New batch of Jeffrey Epstein court documents released

A U.S. district judge ordered the unsealing of the filings in December.

January 5, 2024, 11:30 AM

The next batch of documents pertaining to late sex offender Jeffrey Epstein have been released.

The latest batch is about half the number released on Wednesday night when the courts dropped around 40 documents, which consisted of hundreds of pages of testimony and legal filings.

According to a document unsealed Thursday, attorneys for Epstein's longtime companion Ghislaine Maxwell suggested that a reporter for a British tabloid helped Virginia Giuffre sensationalize stories about her alleged sexual encounters with famous men to make her account more marketable to publishers.

The document is included in a second tranche of court records related to Epstein, the sex offender who died by suicide in a Manhattan jail while awaiting trial on federal sex trafficking charges. The records are part of a defamation lawsuit Giuffre, an alleged Epstein victim, brought against Maxwell that the two settled in 2017.

Maxwell's attorneys sought in an unsuccessful effort in 2016 to depose the reporter, Sharon Churcher, who first wrote about Giuffre's accusations for the Mail on Sunday five years earlier, arguing New York's reporter shield law did not apply because Churcher was more "friend and advisor" than journalist.

"In that role, she helped manufacture some of the stories that have been denied and that are the central issues in this case," Maxwell's attorneys wrote in the now-unsealed motion. "She was actively and personally involved in changing those stories over time and in the creation and addition of new salacious details about public figures."

PHOTO: In this courtroom artist's sketch, defendant Jeffrey Epstein, center, sits with attorneys Martin Weinberg, left, and Marc Fernich during his arraignment in New York federal court, July 8, 2019.
In this courtroom artist's sketch, defendant Jeffrey Epstein, center, sits with attorneys Martin Weinberg, left, and Marc Fernich during his arraignment in New York federal court, July 8, 2019.
Elizabeth Williams/AP, FILE

Ultimately a judge quashed the subpoena, but Maxwell's legal team suggested Giuffre's emails with Churcher supported her assertion that the pair worked together to concoct stories about Giuffre being forced to have sex with Prince Andrew. They point out that in the first article Churcher wrote in early 2011 "there was no suggestion that there was any sexual contact between Virginia and Andrew, or that Andrew knew that Epstein paid her to have sex with his friends."

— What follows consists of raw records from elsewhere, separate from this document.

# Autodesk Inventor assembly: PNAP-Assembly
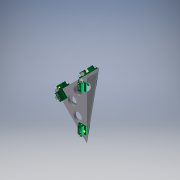
[picture p0: Inventor's stored thumbnail of the model, 180x180]
Saved by Autodesk Inventor 2016 (Build 200138000, 138)
## iProperties
Created: 2016-07-01
Part Number: PNAP-Assembly
Document SubType Name: Assembly
Designer: kam42
Author: kam42
## Documents named in this file (4)
- C:\Users\kam42\Documents\Git Repos\duke-pnap\PNAP-Assembly.iam
- C:\Users\kam42\Documents\Git Repos\duke-pnap\PNAP Mount temp\Part2-01.ipt
- C:\Users\kam42\Documents\Git Repos\duke-pnap\PNAP Mount temp.ipt
- C:\Users\kam42\Documents\Git Repos\duke-pnap\Sensor Models\Endevco-7264D\Endevco-7264D.ipt
## Components (10 placed, 2 different names)
1. Part2-01:1 — Mate:1, Mate:2, Mate:3, Mate:4, Mate:5, Mate:6, Mate:7, Mate:8, Mate:9, Mate:10, Angle:1
2. Endevco-7264D:1 — Mate:1, Mate:4, Mate:7
3. Endevco-7264D:2 — Mate:2, Mate:8, Mate:9
4. Endevco-7264D:3 — Mate:3, Mate:5, Mate:6
5. Endevco-7264D:4
6. Endevco-7264D:5
7. Endevco-7264D:6
8. Endevco-7264D:7
9. Endevco-7264D:8
10. Endevco-7264D:9
## Component patterns: (3 elements, first: Endevco-7264D:1 + Endevco-7264D:2 + Endevco-7264D:3)
## Relationships (11: Mate 10, Angle 1)
- Mate:1: Part2-01:1 ↔ Endevco-7264D:1
- Mate:2: Part2-01:1 ↔ Endevco-7264D:2
- Mate:3: Part2-01:1 ↔ Endevco-7264D:3
- Mate:4: Part2-01:1 ↔ Endevco-7264D:1
- Mate:5: Part2-01:1 ↔ Endevco-7264D:3
- Mate:6: Part2-01:1 ↔ Endevco-7264D:3
- Mate:7: Part2-01:1 ↔ Endevco-7264D:1
- Mate:8: Part2-01:1 ↔ Endevco-7264D:2
- Mate:9: Part2-01:1 ↔ Endevco-7264D:2
- Mate:10: Part2-01:1
- Angle:1 (0 deg): Part2-01:1
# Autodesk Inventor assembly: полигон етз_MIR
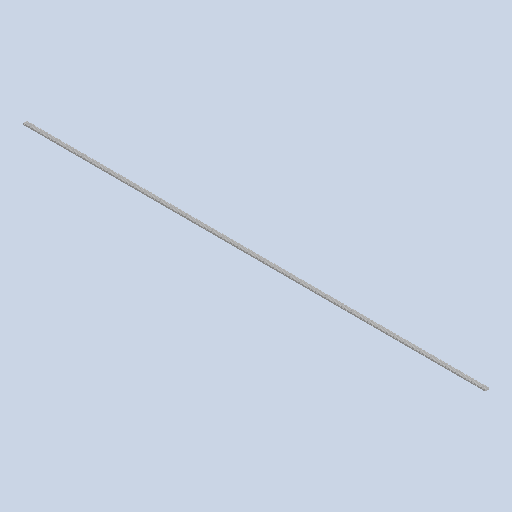
[picture p0: Inventor's stored thumbnail of the model, 512x512]
Saved by Autodesk Inventor 2024.2 (Build 282272000, 272)
## iProperties
Created: 2025-11-16
Part Number: полигон етз_MIR
Document SubType Name: Assembly
Designer: katya_notebook
Author: katya_notebook
## Documents named in this file (2)
- C:\Users\91125\OneDrive\Рабочий стол\alletz\3д модель\полигон\полигон етз_MIR.iam
- C:\Users\91125\OneDrive\Рабочий стол\alletz\3д модель\toothed_rack\m2_20\m2_20_CPY_MIR.ipt
## Components (10 placed, 1 different names)
1. m2_20_CPY_MIR:1 — Совмещение:23, Совмещение:22, Совмещение:21
2. m2_20_CPY_MIR:2 — Совмещение:23, Совмещение:22, Совмещение:21, Совмещение:26, Совмещение:25, Совмещение:24
3. m2_20_CPY_MIR:3 — Совмещение:26, Совмещение:25, Совмещение:24, Совмещение:28, Совмещение:27
4. m2_20_CPY_MIR:4 — Совмещение:28, Совмещение:27, Совмещение:30, Совмещение:29
5. m2_20_CPY_MIR:5 — Совмещение:30, Совмещение:29, Совмещение:34, Совмещение:33
6. m2_20_CPY_MIR:6 — Совмещение:32, Совмещение:31, Совмещение:38, Совмещение:37
7. m2_20_CPY_MIR:7 — Совмещение:32, Совмещение:31, Совмещение:36, Совмещение:35
8. m2_20_CPY_MIR:8 — Совмещение:34, Совмещение:33, Совмещение:40, Совмещение:39
9. m2_20_CPY_MIR:9 — Совмещение:36, Совмещение:35
10. m2_20_CPY_MIR:10 — Совмещение:40, Совмещение:39, Совмещение:38, Совмещение:37
## Relationships (20: Mate 20)
- Совмещение:23 [Mate]: m2_20_CPY_MIR:1 ↔ m2_20_CPY_MIR:2
- Совмещение:22 [Mate]: m2_20_CPY_MIR:1 ↔ m2_20_CPY_MIR:2
- Совмещение:21 [Mate]: m2_20_CPY_MIR:1 ↔ m2_20_CPY_MIR:2
- Совмещение:26 [Mate]: m2_20_CPY_MIR:2 ↔ m2_20_CPY_MIR:3
- Совмещение:25 [Mate]: m2_20_CPY_MIR:2 ↔ m2_20_CPY_MIR:3
- Совмещение:24 [Mate]: m2_20_CPY_MIR:2 ↔ m2_20_CPY_MIR:3
- Совмещение:28 [Mate]: m2_20_CPY_MIR:3 ↔ m2_20_CPY_MIR:4
- Совмещение:27 [Mate]: m2_20_CPY_MIR:3 ↔ m2_20_CPY_MIR:4
- Совмещение:30 [Mate]: m2_20_CPY_MIR:4 ↔ m2_20_CPY_MIR:5
- Совмещение:29 [Mate]: m2_20_CPY_MIR:4 ↔ m2_20_CPY_MIR:5
- Совмещение:32 [Mate]: m2_20_CPY_MIR:6 ↔ m2_20_CPY_MIR:7
- Совмещение:31 [Mate]: m2_20_CPY_MIR:6 ↔ m2_20_CPY_MIR:7
- Совмещение:34 [Mate]: m2_20_CPY_MIR:5 ↔ m2_20_CPY_MIR:8
- Совмещение:33 [Mate]: m2_20_CPY_MIR:5 ↔ m2_20_CPY_MIR:8
- Совмещение:36 [Mate]: m2_20_CPY_MIR:7 ↔ m2_20_CPY_MIR:9
- Совмещение:35 [Mate]: m2_20_CPY_MIR:7 ↔ m2_20_CPY_MIR:9
- Совмещение:40 [Mate]: m2_20_CPY_MIR:8 ↔ m2_20_CPY_MIR:10
- Совмещение:39 [Mate]: m2_20_CPY_MIR:8 ↔ m2_20_CPY_MIR:10
- Совмещение:38 [Mate]: m2_20_CPY_MIR:6 ↔ m2_20_CPY_MIR:10
- Совмещение:37 [Mate]: m2_20_CPY_MIR:6 ↔ m2_20_CPY_MIR:10
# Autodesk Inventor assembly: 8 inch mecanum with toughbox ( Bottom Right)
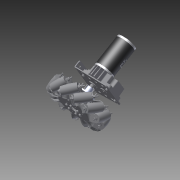
[picture p0: Inventor's stored thumbnail of the model, 180x180]
Saved by Autodesk Inventor 2014 (Build 180170000, 170)
## iProperties
Created: 2015-01-10
Part Number: 8 inch mecanum with toughbox ( Bottom Right)
Document SubType Name: Assembly
Designer: student
Author: student
## Documents named in this file (6)
- C:\Users\student\Documents\Inventor\2015 Recycle Rush\8 inch mecanum with toughbox ( Bottom Right).iam
- C:\Users\student\Documents\Inventor\Dillon And Justin\Derived Right Mecanum_MIR.ipt
- C:\Users\student\Documents\Inventor\2015 Recycle Rush\am-0077a-500 Key Hub r2.ipt
- C:\Users\student\Documents\Inventor\2015 Recycle Rush\Derived Toughbox mini.ipt
- C:\Users\student\Documents\Inventor\Dillon And Justin\Imported Components\MOT_CIM-Motor_217-2000.iam\MOT_CIM-Motor_217-2000.iam.iam
- MOT_CIM-Motor_217-2000.iam
## Components (4 placed, 4 different names)
1. Derived Right Mecanum_MIR:1 — Angle:1, Mate:1, Mate:2, Mate:3, Mate:4
2. am-0077a-500 Key Hub r2:1 — Angle:1, Mate:1, Mate:2, Mate:3, Mate:5
3. Derived Toughbox mini:1 — Mate:4, Mate:5, Angle:2, Angle:3, Mate:6
4. MOT_CIM-Motor_217-2000.iam:1 [sub-assembly] — Angle:3, Mate:6
## Relationships (9: Mate 6, Angle 3)
- Angle:1 (180 deg): Derived Right Mecanum_MIR:1 ↔ am-0077a-500 Key Hub r2:1
- Mate:1: Derived Right Mecanum_MIR:1 ↔ am-0077a-500 Key Hub r2:1
- Mate:2: Derived Right Mecanum_MIR:1 ↔ am-0077a-500 Key Hub r2:1
- Mate:3: Derived Right Mecanum_MIR:1 ↔ am-0077a-500 Key Hub r2:1
- Mate:4: Derived Right Mecanum_MIR:1 ↔ Derived Toughbox mini:1
- Mate:5: am-0077a-500 Key Hub r2:1 ↔ Derived Toughbox mini:1
- Angle:2 (180 deg): Derived Toughbox mini:1
- Angle:3 (180 deg): Derived Toughbox mini:1 ↔ MOT_CIM-Motor_217-2000.iam:1
- Mate:6: Derived Toughbox mini:1 ↔ MOT_CIM-Motor_217-2000.iam:1
# Autodesk Inventor assembly: bec
Saved by Autodesk Inventor 2021 (Build 250183000, 183)
## iProperties
Created: 2021-01-23
Part Number: bec
Document SubType Name: Assembly
Designer: User
Author: User
## Documents named in this file (10)
- D:\SynologyDrive\tcodev\tco-cad\common\bec\bec.iam
- D:\SynologyDrive\tcodev\tco-cad\common\bec\board.ipt
- D:\SynologyDrive\tcodev\tco-cad\common\kicad_packages_3d\PinHeader_1x06_P2.54mm_Vertical.ipt
- D:\SynologyDrive\tcodev\tco-cad\common\bec\heatsink.ipt
- D:\SynologyDrive\tcodev\tco-cad\common\kicad_packages_3d\L_Bourns_SRR1260.ipt
- D:\SynologyDrive\tcodev\tco-cad\common\kicad_packages_3d\TO-263-2.ipt
- D:\SynologyDrive\tcodev\tco-cad\common\kicad_packages_3d\TO-252-2.ipt
- D:\SynologyDrive\tcodev\tco-cad\common\kicad_packages_3d\C_Radial_D8.0mm_H11.5mm_P3.50mm.ipt
- D:\SynologyDrive\tcodev\tco-cad\common\kicad_packages_3d\C_Radial_D10.0mm_H20.0mm_P5.00mm.ipt
- D:\SynologyDrive\tcodev\tco-cad\common\samtec_parts\snt_100_bk_h_h\SNT-100-BK-H-H.iam
## Components (10 placed, 9 different names)
1. board:1 — Mate:1, Flush:1, Flush:2, Mate:2, Flush:3, Flush:4, Mate:3, Mate:4, Mate:5, Angle:1, Angle:2, Angle:3, Tangent:2, Flush:7, Tangent:3, Tangent:4, Flush:8
2. PinHeader_1x06_P2.54mm_Vertical:1 — Mate:1, Flush:1, Flush:2, Mate:7, Mate:8, Mate:9
3. heatsink:1
4. L_Bourns_SRR1260:1 — Mate:2, Flush:3, Flush:4, Mate:6
5. TO-263-2:1 — Mate:3, Angle:1
6. TO-252-2:1 — Mate:5, Angle:3, Flush:5
7. TO-252-2:2 — Mate:4, Angle:2, Flush:5
8. C_Radial_D10.0mm_H20.0mm_P5.00mm:1 — Tangent:2, Flush:7, Tangent:3
9. C_Radial_D8.0mm_H11.5mm_P3.50mm:1 — Tangent:4, Flush:8, Mate:6
10. SNT-100-BK-H-H:1 [sub-assembly] — Mate:7, Mate:8, Mate:9
## Relationships (22: Mate 9, Flush 7, Angle 3, Tangent 3)
- Mate:1 (-0.95 mm): board:1 ↔ PinHeader_1x06_P2.54mm_Vertical:1
- Flush:1 (4.88 mm): board:1 ↔ PinHeader_1x06_P2.54mm_Vertical:1
- Flush:2 (-2.54 mm): board:1 ↔ PinHeader_1x06_P2.54mm_Vertical:1
- Mate:2: board:1 ↔ L_Bourns_SRR1260:1
- Flush:3 (17 mm): board:1 ↔ L_Bourns_SRR1260:1
- Flush:4: board:1 ↔ L_Bourns_SRR1260:1
- Mate:3: board:1 ↔ TO-263-2:1
- Mate:4: board:1 ↔ TO-252-2:2
- Mate:5: board:1 ↔ TO-252-2:1
- Angle:1 (0 deg): board:1 ↔ TO-263-2:1
- Angle:2 (0 deg): board:1 ↔ TO-252-2:2
- Angle:3 (0 deg): board:1 ↔ TO-252-2:1
- Flush:5: TO-252-2:1 ↔ TO-252-2:2
- Tangent:2: board:1 ↔ C_Radial_D10.0mm_H20.0mm_P5.00mm:1
- Flush:7 (2.6 mm): board:1 ↔ C_Radial_D10.0mm_H20.0mm_P5.00mm:1
- Tangent:3: board:1 ↔ C_Radial_D10.0mm_H20.0mm_P5.00mm:1
- Tangent:4: board:1 ↔ C_Radial_D8.0mm_H11.5mm_P3.50mm:1
- Flush:8 (6 mm): board:1 ↔ C_Radial_D8.0mm_H11.5mm_P3.50mm:1
- Mate:6 (6 mm): L_Bourns_SRR1260:1 ↔ C_Radial_D8.0mm_H11.5mm_P3.50mm:1
- Mate:7: PinHeader_1x06_P2.54mm_Vertical:1 ↔ SNT-100-BK-H-H:1
- Mate:8 (0.277 mm): PinHeader_1x06_P2.54mm_Vertical:1 ↔ SNT-100-BK-H-H:1
- Mate:9 (0.277 mm): PinHeader_1x06_P2.54mm_Vertical:1 ↔ SNT-100-BK-H-H:1

Prince Andrew has denied the allegations and claimed he could not recall ever meeting Giuffre. He later settled a lawsuit she filed against him.

Reached by phone late Thursday, Churcher said, "I'm a journalist. There was no conspiracy."

She added, "Do we really think that the U.S. Government prosecuted Jeffrey Epstein and Ghislaine Maxwell because of Sharon Churcher hatching a conspiracy? It's absurd. If I were that creative I would be writing Agatha Christie style novels."

Sigrid McCawley, Giuffre's lawyer, told ABC News in a statement, "For years, and as if their lives depended upon it, Ghislaine Maxwell and Jeffrey Epstein led a relentless effort to discredit my client, Virginia Giuffre. But the passage of time and the facts, which have survived subsequent and substantial examination and scrutiny, have proven that the information Virginia provided about being trafficked as a young girl by Maxwell and Epstein is true."

In 2011, the documents showed Giuffre was talking to Churcher about an article Vanity Fair was writing about Prince Andrew and sought advice about selling the now-notorious photo of Prince Andrew with his arm around her.

"What do you think a good price to sell this to VF should be?" Giuffre wrote in an email to Churcher.

In another email, Giuffre made the unsubstantiated claim former President Bill Clinton had previously threatened the magazine about Epstein.

"When I was doing some research into VF yesterday, it does concern me what they could want to write about me considering that B Clinton walked into VF and threatened them not to write sex-trafficking," the email said.

Those involved have long denied this claim and Vanity Fair's editor at the time told the Telegraph in a statement published Thursday, "This categorically did not happen."

Giuffre has not accused Clinton of wrongdoing in regard to Epstein's sex crimes. After Epstein's arrest in 2019, Clinton's spokesman denied that Clinton knew about Epstein's crimes, denied Clinton was ever on Epstein's private island and said the former president had not communicated with Epstein in more than a decade.

Churcher said in response to the subpoena request that she had reported extensively on Giuffre (then known as Virginia Roberts), Jeffrey Epstein and his ties to Prince Andrew, according to a 2016 filing that was not sealed.

"At all times that I was communicating with her (or her agents), I was acting in my capacity as a journalist with Ms. Roberts (or her agents) as my sources, always with the ultimate goal of gathering information to disseminate to the public as news," Churcher said.

Maxwell is serving a 20-year prison sentence after she was convicted in 2021 of aiding Epstein's sex trafficking of young women and girls. Her appeal will be heard in March.